WHAT THE TASK REQUIRES |
Keep only those lines of the records that include the string "CENTER".

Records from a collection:
▶
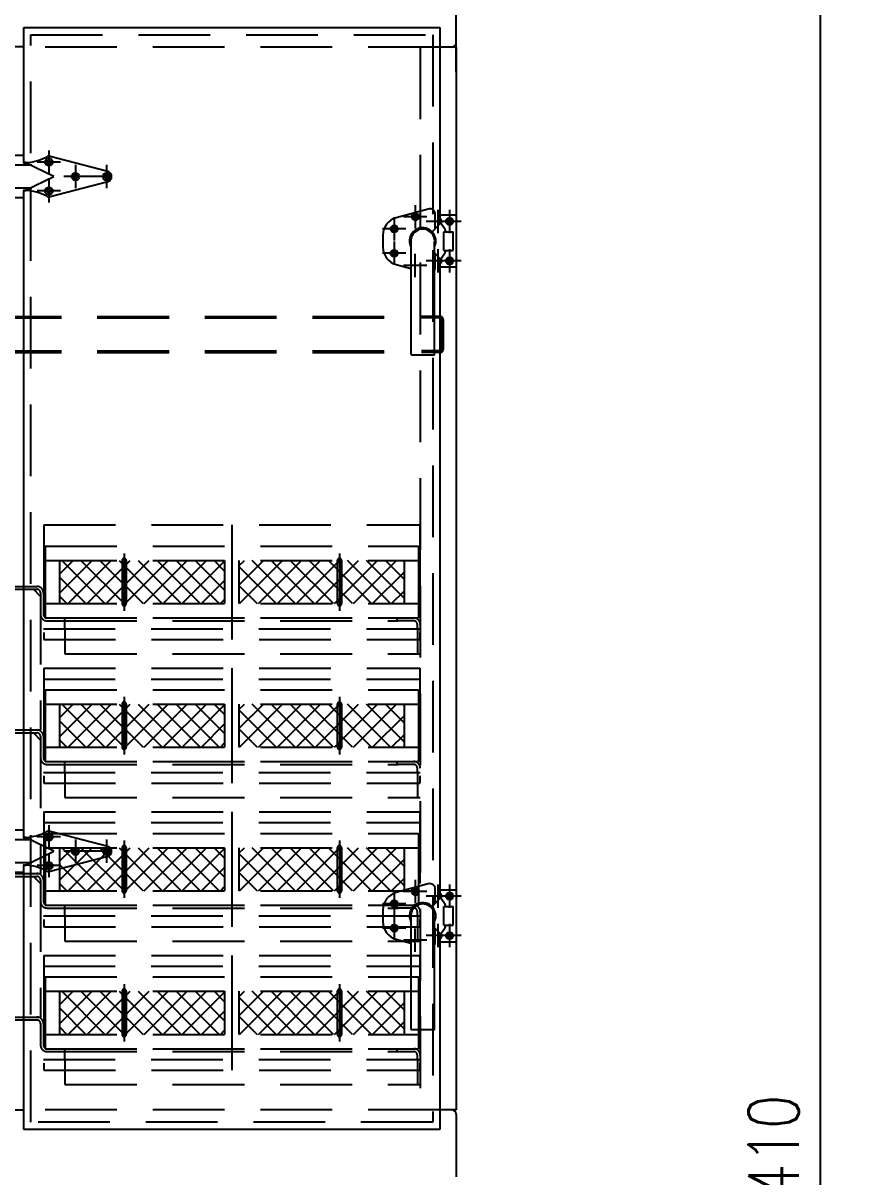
# Model space of a CAD drawing. Header units: inches. Extents: x -500 to 11380, y -200 to 8200.
# Drawn here: x 2817 to 3967, y 4965 to 6572 of the extents above; entities that cross this region are included whole.
import ezdxf

# ---------------------------------------------------------------- set-up
doc = ezdxf.new("R2010")
doc.units = ezdxf.units.IN
doc.header["$LTSCALE"] = 200
doc.linetypes.add('CENTER', pattern=[2, 1.25, -0.25, 0.25, -0.25])
doc.linetypes.add('DASHED', pattern=[0.75, 0.5, -0.25])
for name, color, linetype in [('1轮廓实线层', 7, 'Continuous'), ('3中心线层', 1, 'CENTER'), ('4虚线层', 6, 'DASHED'), ('7标注层', 4, 'Continuous')]:
    doc.layers.add(name, color=color, linetype=linetype)
doc.styles.add('TH_GBDIM', font='romans.shx', dxfattribs={"width": 0.8, "bigfont": 'gbcbig.shx'})
doc.dimstyles.new('TH_GBDIM', dxfattribs={"dimscale": 20, "dimtxt": 3.5, "dimasz": 2.5, "dimexe": 2, "dimexo": 0, "dimgap": 1.5, "dimtad": 1, "dimdec": 1, "dimdsep": 46, "dimtxsty": 'TH_GBDIM', "dimcen": 2.5, "dimclrd": 130, "dimclre": 130, "dimclrt": 3, "dimadec": 0, "dimazin": 2, "dimtfac": 0.714286, "dimtdec": 1, "dimtmove": 0, "dimatfit": 3, "dimfxl": 0, "dimtzin": 0, "dimlwd": -1, "dimlwe": -1, "dimarcsym": 0})

# ---------------------------------------------------------------- blocks, each defined once
blk = doc.blocks.new('*D4')
at = {"layer": '7标注层', "color": 130, "transparency": 16777216}
for p, q in [((920, 6504.3), (920, 7399.3)), ((3420, 6504.3), (3420, 7399.3)), ((3370, 7359.3), (970, 7359.3))]:
    blk.add_line(p, q, dxfattribs=at)
for points in [[(970, 7367.7), (970, 7351), (920, 7359.3)], [(3370, 7367.7), (3370, 7351), (3420, 7359.3)]]:
    blk.add_solid(points, dxfattribs=at)
at = {"layer": 'Defpoints', "color": 0, "transparency": 16777216}
for p in [(920, 7359.3), (920, 6504.3), (3420, 6504.3)]:
    blk.add_point(p, dxfattribs=at)
at = {"layer": '7标注层', "color": 3, "transparency": 16777216, "insert": (2170, 7424.3), "char_height": 70, "attachment_point": 5, "style": 'TH_GBDIM'}
blk.add_mtext('2500', dxfattribs=at)
blk = doc.blocks.new('*D5')
at = {"layer": '7标注层', "color": 130, "transparency": 16777216}
for p, q in [((2560, 7188.3), (3967.3, 7188.3)), ((3927.3, 7138.3), (3927.3, 2828.3)), ((3430, 2778.3), (3967.3, 2778.3))]:
    blk.add_line(p, q, dxfattribs=at)
for points in [[(3919, 7138.3), (3935.7, 7138.3), (3927.3, 7188.3)], [(3919, 2828.3), (3935.7, 2828.3), (3927.3, 2778.3)]]:
    blk.add_solid(points, dxfattribs=at)
at = {"layer": 'Defpoints', "color": 0, "transparency": 16777216}
for p in [(2560, 7188.3), (3430, 2778.3), (3927.3, 2778.3)]:
    blk.add_point(p, dxfattribs=at)
at = {"layer": '7标注层', "color": 3, "transparency": 16777216, "insert": (3862.3, 4983.3), "char_height": 70, "attachment_point": 5, "rotation": 90, "style": 'TH_GBDIM'}
blk.add_mtext('4410', dxfattribs=at)

msp = doc.modelspace()

# ---------------------------------------------------------------- hatches: boundary and pattern name
at = {"layer": '4虚线层'}
h = msp.add_hatch(dxfattribs=at)
h.set_pattern_fill('多孔材料', color=256, scale=15)
h.set_pattern_definition([(45, (2706.204, 5351.455), (-13.25825, 13.25825), []), (135, (2706.204, 5351.455), (-13.25825, -13.25825), [])])
h.paths.add_polyline_path([(2867.47, 5823.32), (2867.47, 5763.32), (3097.47, 5763.32), (3097.47, 5823.32)])
h.paths.add_polyline_path([(3117.47, 5823.32), (3117.47, 5763.32), (3347.47, 5763.32), (3347.47, 5823.32)])
h = msp.add_hatch(dxfattribs=at)
h.set_pattern_fill('多孔材料', color=256, scale=15)
h.set_pattern_definition([(45, (2706.204, 5151.455), (-13.25825, 13.25825), []), (135, (2706.204, 5151.455), (-13.25825, -13.25825), [])])
h.paths.add_polyline_path([(2867.47, 5623.32), (2867.47, 5563.32), (3097.47, 5563.32), (3097.47, 5623.32)])
h.paths.add_polyline_path([(3117.47, 5623.32), (3117.47, 5563.32), (3347.47, 5563.32), (3347.47, 5623.32)])
h = msp.add_hatch(dxfattribs=at)
h.set_pattern_fill('多孔材料', color=256, scale=15)
h.set_pattern_definition([(45, (2706.204, 4951.455), (-13.25825, 13.25825), []), (135, (2706.204, 4951.455), (-13.25825, -13.25825), [])])
h.paths.add_polyline_path([(2867.47, 5423.32), (2867.47, 5363.32), (3097.47, 5363.32), (3097.47, 5423.32)])
h.paths.add_polyline_path([(3117.47, 5423.32), (3117.47, 5363.32), (3347.47, 5363.32), (3347.47, 5423.32)])
h = msp.add_hatch(dxfattribs=at)
h.set_pattern_fill('多孔材料', color=256, scale=15)
h.set_pattern_definition([(45, (2706.204, 4751.455), (-13.25825, 13.25825), []), (135, (2706.204, 4751.455), (-13.25825, -13.25825), [])])
h.paths.add_polyline_path([(2867.47, 5223.32), (2867.47, 5163.32), (3097.47, 5163.32), (3097.47, 5223.32)])
h.paths.add_polyline_path([(3117.47, 5223.32), (3117.47, 5163.32), (3347.47, 5163.32), (3347.47, 5223.32)])

# ---------------------------------------------------------------- linework, layer by layer
at = {"layer": '1轮廓实线层', "color": 0}
for p, q in [((3419.97, 6544.72), (3419.97, 6738.32)), ((2817.47, 6565.82), (3397.47, 6565.82)), ((2817.47, 6377.57), (2817.47, 6565.82)), ((3397.47, 6565.82), (3397.47, 6292.26)), ((2817.47, 6538.98), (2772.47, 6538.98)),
◀
THE COMPLETED TASK |
doc.linetypes.add('CENTER', pattern=[2, 1.25, -0.25, 0.25, -0.25])
for name, color, linetype in [('1轮廓实线层', 7, 'Continuous'), ('3中心线层', 1, 'CENTER'), ('4虚线层', 6, 'DASHED'), ('7标注层', 4, 'Continuous')]:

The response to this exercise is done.